In this work, by combining a class of local support and infinitely differentiable functions together with the sinc function, we construct a new class of univariate blending functions with three local shape parameters α_i, β_i, and λ_i. The new blending functions have the properties of \(C^{\infty }\) smoothness, compact support, and partition of unity.
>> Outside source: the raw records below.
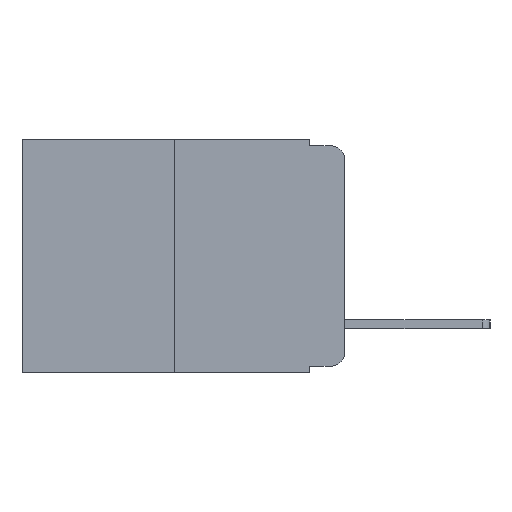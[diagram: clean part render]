
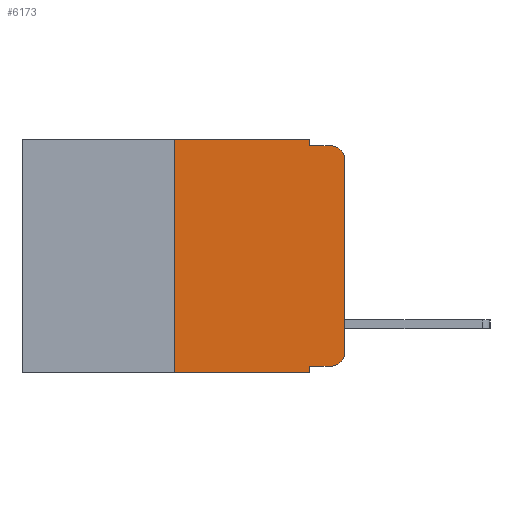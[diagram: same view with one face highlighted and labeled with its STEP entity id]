
A CAD part, left-side view. The second image highlights one B-rep face of the part: STEP entity #6173.
In plain terms, the highlighted planar face has unit normal (-1, 0, 0).
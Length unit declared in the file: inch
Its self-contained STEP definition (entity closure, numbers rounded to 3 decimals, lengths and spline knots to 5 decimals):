
#895 = LINE ( 'NONE', #17830, #14827 ) ;
#1033 = ORIENTED_EDGE ( 'NONE', *, *, #17482, .F. ) ;
#1414 = VERTEX_POINT ( 'NONE', #18648 ) ;
#1776 = EDGE_LOOP ( 'NONE', ( #20185, #4307, #9606, #12827, #3194, #1033, #14149, #10768, #17269, #14955 ) ) ;
#3194 = ORIENTED_EDGE ( 'NONE', *, *, #20132, .F. ) ;
#3628 = DIRECTION ( 'NONE',  ( -1., 0., 0. ) ) ;
#3835 = DIRECTION ( 'NONE',  ( 0., -1., 0. ) ) ;
#4049 = CARTESIAN_POINT ( 'NONE',  ( 0., 0.051, 0. ) ) ;
#4067 = VERTEX_POINT ( 'NONE', #14452 ) ;
#4307 = ORIENTED_EDGE ( 'NONE', *, *, #20642, .T. ) ;
#4696 = VERTEX_POINT ( 'NONE', #22398 ) ;
#4763 = CARTESIAN_POINT ( 'NONE',  ( 0., 0.473, 0. ) ) ;
#5583 = DIRECTION ( 'NONE',  ( 0., 0., 1. ) ) ;
#5677 = VECTOR ( 'NONE', #7814, 39.37008 ) ;
#5726 = CARTESIAN_POINT ( 'NONE',  ( 0., 0.02, -0.03 ) ) ;
#5925 = CARTESIAN_POINT ( 'NONE',  ( 0., 0.051, -0.01 ) ) ;
#6173 = ADVANCED_FACE ( 'NONE', ( #21610 ), #21680, .F. ) ;
#6362 = CARTESIAN_POINT ( 'NONE',  ( 0., 0.051, 0. ) ) ;
#6380 = AXIS2_PLACEMENT_3D ( 'NONE', #14364, #3628, #16050 ) ;
#6572 = VECTOR ( 'NONE', #11750, 39.37008 ) ;
#7038 = VECTOR ( 'NONE', #21076, 39.37008 ) ;
#7577 = DIRECTION ( 'NONE',  ( 0., 0., -1. ) ) ;
#7814 = DIRECTION ( 'NONE',  ( 0., 0., -1. ) ) ;
#8091 = CARTESIAN_POINT ( 'NONE',  ( 0., 0.25, 0. ) ) ;
#8227 = VERTEX_POINT ( 'NONE', #16112 ) ;
#8401 = CIRCLE ( 'NONE', #6380, 0.02 ) ;
#9240 = DIRECTION ( 'NONE',  ( 0., -1., 0. ) ) ;
#9606 = ORIENTED_EDGE ( 'NONE', *, *, #19578, .F. ) ;
#9903 = VECTOR ( 'NONE', #3835, 39.37008 ) ;
#10152 = CARTESIAN_POINT ( 'NONE',  ( 0., 0.051, 0. ) ) ;
#10335 = LINE ( 'NONE', #11025, #13747 ) ;
#10343 = CARTESIAN_POINT ( 'NONE',  ( 0., 0.473, 0. ) ) ;
#10585 = LINE ( 'NONE', #4049, #5677 ) ;
#10768 = ORIENTED_EDGE ( 'NONE', *, *, #16415, .F. ) ;
#11025 = CARTESIAN_POINT ( 'NONE',  ( 0., 0.25, 0. ) ) ;
#11102 = EDGE_CURVE ( 'NONE', #8227, #12383, #14393, .T. ) ;
#11103 = CARTESIAN_POINT ( 'NONE',  ( 0., 0.051, -0.01 ) ) ;
#11256 = DIRECTION ( 'NONE',  ( 0., -1., 0. ) ) ;
#11750 = DIRECTION ( 'NONE',  ( 0., 0., -1. ) ) ;
#12000 = DIRECTION ( 'NONE',  ( 1., 0., 0. ) ) ;
#12383 = VERTEX_POINT ( 'NONE', #18413 ) ;
#12389 = LINE ( 'NONE', #11103, #16309 ) ;
#12827 = ORIENTED_EDGE ( 'NONE', *, *, #18543, .F. ) ;
#13037 = EDGE_CURVE ( 'NONE', #4696, #4067, #8401, .T. ) ;
#13095 = AXIS2_PLACEMENT_3D ( 'NONE', #5726, #17793, #7577 ) ;
#13642 = DIRECTION ( 'NONE',  ( 0., -1., 0. ) ) ;
#13747 = VECTOR ( 'NONE', #5583, 39.37008 ) ;
#13942 = LINE ( 'NONE', #10343, #19256 ) ;
#14149 = ORIENTED_EDGE ( 'NONE', *, *, #11102, .T. ) ;
#14364 = CARTESIAN_POINT ( 'NONE',  ( 0., 0.02, -0.313 ) ) ;
#14393 = LINE ( 'NONE', #22484, #9903 ) ;
#14452 = CARTESIAN_POINT ( 'NONE',  ( 0., 0., -0.313 ) ) ;
#14751 = VERTEX_POINT ( 'NONE', #10152 ) ;
#14827 = VECTOR ( 'NONE', #11256, 39.37008 ) ;
#14843 = AXIS2_PLACEMENT_3D ( 'NONE', #4763, #12000, #18508 ) ;
#14955 = ORIENTED_EDGE ( 'NONE', *, *, #13037, .T. ) ;
#15212 = VERTEX_POINT ( 'NONE', #20862 ) ;
#15319 = EDGE_CURVE ( 'NONE', #22391, #4696, #895, .T. ) ;
#15381 = VERTEX_POINT ( 'NONE', #5925 ) ;
#15568 = VERTEX_POINT ( 'NONE', #8091 ) ;
#15735 = LINE ( 'NONE', #19416, #7038 ) ;
#16012 = CIRCLE ( 'NONE', #13095, 0.02 ) ;
#16050 = DIRECTION ( 'NONE',  ( 0., 0., -1. ) ) ;
#16112 = CARTESIAN_POINT ( 'NONE',  ( 0., 0.25, -0.343 ) ) ;
#16309 = VECTOR ( 'NONE', #9240, 39.37008 ) ;
#16415 = EDGE_CURVE ( 'NONE', #22391, #12383, #20059, .T. ) ;
#17269 = ORIENTED_EDGE ( 'NONE', *, *, #15319, .T. ) ;
#17482 = EDGE_CURVE ( 'NONE', #8227, #15568, #10335, .T. ) ;
#17793 = DIRECTION ( 'NONE',  ( -1., 0., 0. ) ) ;
#17830 = CARTESIAN_POINT ( 'NONE',  ( 0., 0.051, -0.333 ) ) ;
#18413 = CARTESIAN_POINT ( 'NONE',  ( 0., 0.051, -0.343 ) ) ;
#18508 = DIRECTION ( 'NONE',  ( 0., 0., -1. ) ) ;
#18543 = EDGE_CURVE ( 'NONE', #14751, #15381, #10585, .T. ) ;
#18648 = CARTESIAN_POINT ( 'NONE',  ( 0., 0.02, -0.01 ) ) ;
#18859 = CARTESIAN_POINT ( 'NONE',  ( 0., 0.051, -0.333 ) ) ;
#19256 = VECTOR ( 'NONE', #13642, 39.37008 ) ;
#19416 = CARTESIAN_POINT ( 'NONE',  ( 0., 0., 0. ) ) ;
#19578 = EDGE_CURVE ( 'NONE', #15381, #1414, #12389, .T. ) ;
#20059 = LINE ( 'NONE', #6362, #6572 ) ;
#20132 = EDGE_CURVE ( 'NONE', #15568, #14751, #13942, .T. ) ;
#20185 = ORIENTED_EDGE ( 'NONE', *, *, #21709, .T. ) ;
#20642 = EDGE_CURVE ( 'NONE', #15212, #1414, #16012, .T. ) ;
#20862 = CARTESIAN_POINT ( 'NONE',  ( 0., 0., -0.03 ) ) ;
#21076 = DIRECTION ( 'NONE',  ( 0., 0., 1. ) ) ;
#21610 = FACE_OUTER_BOUND ( 'NONE', #1776, .T. ) ;
#21680 = PLANE ( 'NONE',  #14843 ) ;
#21709 = EDGE_CURVE ( 'NONE', #4067, #15212, #15735, .T. ) ;
#22391 = VERTEX_POINT ( 'NONE', #18859 ) ;
#22398 = CARTESIAN_POINT ( 'NONE',  ( 0., 0.02, -0.333 ) ) ;
#22484 = CARTESIAN_POINT ( 'NONE',  ( 0., 0.473, -0.343 ) ) ;

The shape parameter α_i has tension property, and β_i can adjust the support of the blending functions. With λ_i, the given blending functions can be used to interpolate sets of points partly or entirely without solving a linear system of equations. Some simple conditions for the blending functions possessing nonnegativity and/or linear independence are developed. Based on the new univariate blending functions, tensor product blending functions and local tensor product blending functions are also developed.

在这项工作中，通过与sinc函数结合在一起的一类的本地支持和无限可微函数，我们构建了一类新的单变量混合函数具有三个局部形状参数α_我，β_我，和λ_我。新的混合函数具有\（C ^ {\ infty} \）平滑度，紧凑的支持和统一分区的属性。形状参数α_我有张力性质，和β_我可以调整的混合功能的支持。随着λ_我，给定的混合函数可用于部分或全部内插点集，而无需求解线性方程组。为具有非负性和/或线性独立性的混合函数开发了一些简单条件。基于新的单变量混合函数，还开发了张量积混合函数和局部张量积混合函数。